* _ABOUT THIS TASK_
Look through the material below and report every line that includes "PreLoadFcn".
◆ ◆ ◆ ◆ ◆ ◆ ◆
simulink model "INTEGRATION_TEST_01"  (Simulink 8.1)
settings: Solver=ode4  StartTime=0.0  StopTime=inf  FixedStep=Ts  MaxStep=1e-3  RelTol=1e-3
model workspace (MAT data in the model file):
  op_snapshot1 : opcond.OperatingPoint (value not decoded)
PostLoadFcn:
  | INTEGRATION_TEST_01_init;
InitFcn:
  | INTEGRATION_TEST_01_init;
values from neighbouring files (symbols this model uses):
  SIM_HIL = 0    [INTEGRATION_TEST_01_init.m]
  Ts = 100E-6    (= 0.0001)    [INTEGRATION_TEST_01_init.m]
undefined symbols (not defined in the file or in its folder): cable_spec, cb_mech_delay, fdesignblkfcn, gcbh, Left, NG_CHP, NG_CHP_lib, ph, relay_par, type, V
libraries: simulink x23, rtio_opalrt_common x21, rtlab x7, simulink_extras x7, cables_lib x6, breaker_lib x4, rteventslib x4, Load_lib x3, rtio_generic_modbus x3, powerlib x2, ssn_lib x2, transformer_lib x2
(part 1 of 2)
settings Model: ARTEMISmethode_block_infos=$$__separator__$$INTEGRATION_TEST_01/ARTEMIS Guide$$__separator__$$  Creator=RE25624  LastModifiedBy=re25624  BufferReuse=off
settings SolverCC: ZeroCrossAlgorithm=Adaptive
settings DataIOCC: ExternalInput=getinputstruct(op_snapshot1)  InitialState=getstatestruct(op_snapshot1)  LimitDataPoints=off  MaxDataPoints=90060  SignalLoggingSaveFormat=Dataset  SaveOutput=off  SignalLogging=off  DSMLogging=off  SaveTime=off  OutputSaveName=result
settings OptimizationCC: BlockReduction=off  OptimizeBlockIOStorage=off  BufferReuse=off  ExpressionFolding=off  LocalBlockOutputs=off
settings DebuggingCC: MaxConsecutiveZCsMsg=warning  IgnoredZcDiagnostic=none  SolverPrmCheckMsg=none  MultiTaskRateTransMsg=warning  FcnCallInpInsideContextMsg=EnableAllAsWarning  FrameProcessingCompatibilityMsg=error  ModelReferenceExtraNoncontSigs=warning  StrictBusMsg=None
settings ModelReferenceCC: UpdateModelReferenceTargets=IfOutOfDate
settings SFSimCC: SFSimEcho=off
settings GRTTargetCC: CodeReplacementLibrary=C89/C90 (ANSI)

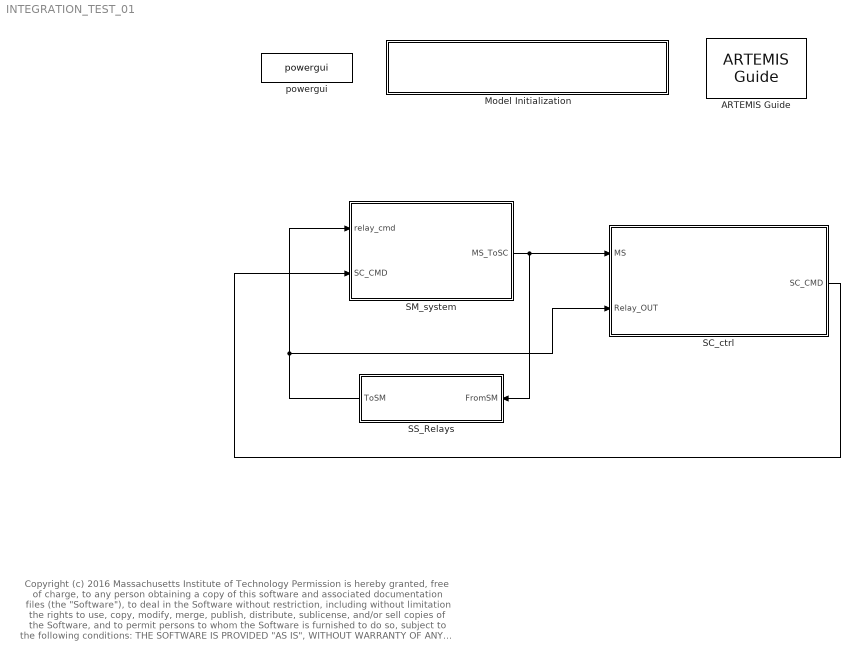
== system INTEGRATION_TEST_01 ==
  note: Copyright (c) 2016 Massachusetts Institute of Technology
      | Permission is hereby granted, free of charge, to any person obtaining a copy of this software and associated documentation files (the "Software"), to deal
      | in the Software without restriction, including without limitation the rights to use, copy, modify, merge, publish, distribute, sublicense, and/or sell copies of the
      | Software, and to permit persons to whom the Software is furnished to do so, subject to the following conditions:
      |
      | THE SOFTWARE IS PROVIDED "AS IS", WITHOUT WARRANTY OF ANY KIND, EXPRESS OR IMPLIED, INCLUDING BUT NOT LIMITED TO THE
      | WARRANTIES OF MERCHANTABILITY, FITNESS FOR A PARTICULAR PURPOSE AND NONINFRINGEMENT. IN NO EVENT SHALL THE AUTHORS
      | OR COPYRIGHT HOLDERS BE LIABLE FOR ANY CLAIM, DAMAGES OR OTHER LIABILITY, WHETHER IN AN ACTION OF CONTRACT, TORT OR
      | OTHERWISE, ARISING FROM, OUT OF OR IN CONNECTION WITH THE SOFTWARE OR THE USE OR OTHER DEALINGS IN THE SOFTWARE.
  ARTEMIS Guide : artemis/ARTEMIS/ARTEMIS Guide  Tag=FTSSmethode_opal_4hx0r99  Description=5.0_z1  lock=on  Ts=Ts  opt=art5  dyna=off  nb_perm=4  RT_fullcomp=off  ssn=on  ssn_itvc=off  ssn_ivic=off  ssn_ext=off  ssn_solver=Art5 with Backward Euler nodal interface  ssn_impulse=off  ssn_quasimpulse=off  ssn_impulse_loop=2  paraExtinctionThy=off  Thy_Impulse=on  dtc=Off  dtc_opt=normal  ao=on  simtype=off  ct_mac=off  lin_mov=off  lsp=[0.001 2]  spike_skip=Disabled  dtc_extra=1  dtc_sws=normal  dtc_pied=0.5  SPSRulesBlock=SPSRules  tre=on  ctmm=off  LF=off  dpl_type=ARTEMiS DPL  rlc_type=off  custom_type=off  para=on  ssn_ImpulseLoopBlockedStateUpdate=2  ssn_mov_iter_number=5  ssn_switch_iter_number=5
  Model Initialization : Subsystem  AncestorBlock=artemis/Tools /Misc/Model Initialization  mask(Model Functions){InitFcnX=INTEGRATION_TEST_01_init;, prel=off, posl=on, inif=on, strf=off}
      mask prompts: InitFcnX "Initialisation"; prel "Preload Function"; posl "PostLoad Function"; inif "InitFcn"; strf "StartFcn"
      mask init:
      | currentBlock = gcb;
      | root = bdroot(currentBlock);
      | 
      | 
      | if ~strcmp(get_param(root,'BlockDiagramType'),'library')
      |     if prel==1
      |         set_param(root, 'PreLoadFcn', InitFcnX);
      |     else
      |         set_param(root, 'PreLoadFcn', '');
      |     end
      |     if inif==1
      |         set_param(root, 'InitFcn', InitFcnX);
      |     else
      |         set_param(root, 'InitFcn', '');
      |     end
      |     if strf==1
      |         set_param(root, 'StartFcn', InitFcnX);
      |     else
      |         set_param(root, 'StartFcn', '');
      |     end
      |     if posl==1
      |         set_param(root, 'PostLoadFcn', InitFcnX);
      |     else
      |         set_param(root, 'PostLoadFcn', '');
      |     end
      | end
      | 
      | pos = get_param(currentBlock, 'Position');
      | width = pos(3) - pos(1); height = pos(4) - pos(2);
      | txt = [ upper(root) '\n' '- InitFcn. . . . . '  get_param(root, 'InitFcn') ];
      settings: CopyFcn=set_param(gcb,'LinkStatus','inactive')
      mask Display: text(5, height*0.5, txt, 'horizontalAlignment', 'left', 'verticalAlignment', 'middle') ;
  SC_ctrl : Subsystem
  SM_system : Subsystem
  SS_Relays : Subsystem
  powergui : powerlib/powergui  Priority=2  SimulationMode=Discrete  SolverType=Tustin  SampleTime=Ts  frequency=60  SPID=off  DisableSnubberDevices=off  DisableRonSwitches=off  DisableVfSwitches=off  SwTol=0  Interpol=off  DisplayEquations=off  frequencyindice=0  Pbase=100e6  ErrMax=1e-4  Iterations=50  UnitsV=kV  UnitsW=MW  FunctionMessages=off  echomessages=off  HookPort=off  EnableUseOfTLC=off  x0status=blocks  RestoreLinks=warning  ResistiveCurrentMeasurement=off  Frange=logspace(0,3,50)  Ylog=off  Xlog=off  ShowGrid=off  save=off  variable=ZData  structure=0  ZoomFFT=on  StartTime=0.0  cycles=2  DisplayStyle=off  fundamental=60  FreqAxis=off  MaxFrequency=1000  frequencyindicesteady=1  RmsSteady=1  display=off  Ts=0  methode=off
  wires:
  SM_system/1(MS_ToSC) -> SC_ctrl/1(MS), SS_Relays/1(FromSM)
  SS_Relays/1(ToSM) -> SM_system/1(relay_cmd), SC_ctrl/2(Relay_OUT)
  SC_ctrl/1(SC_CMD) -> SM_system/2(SC_CMD)

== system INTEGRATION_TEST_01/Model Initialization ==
◆ ◆ ◆ ◆ ◆ ◆ ◆
* _SOLVED EXERCISE_
      |         set_param(root, 'PreLoadFcn', InitFcnX);
      |         set_param(root, 'PreLoadFcn', '');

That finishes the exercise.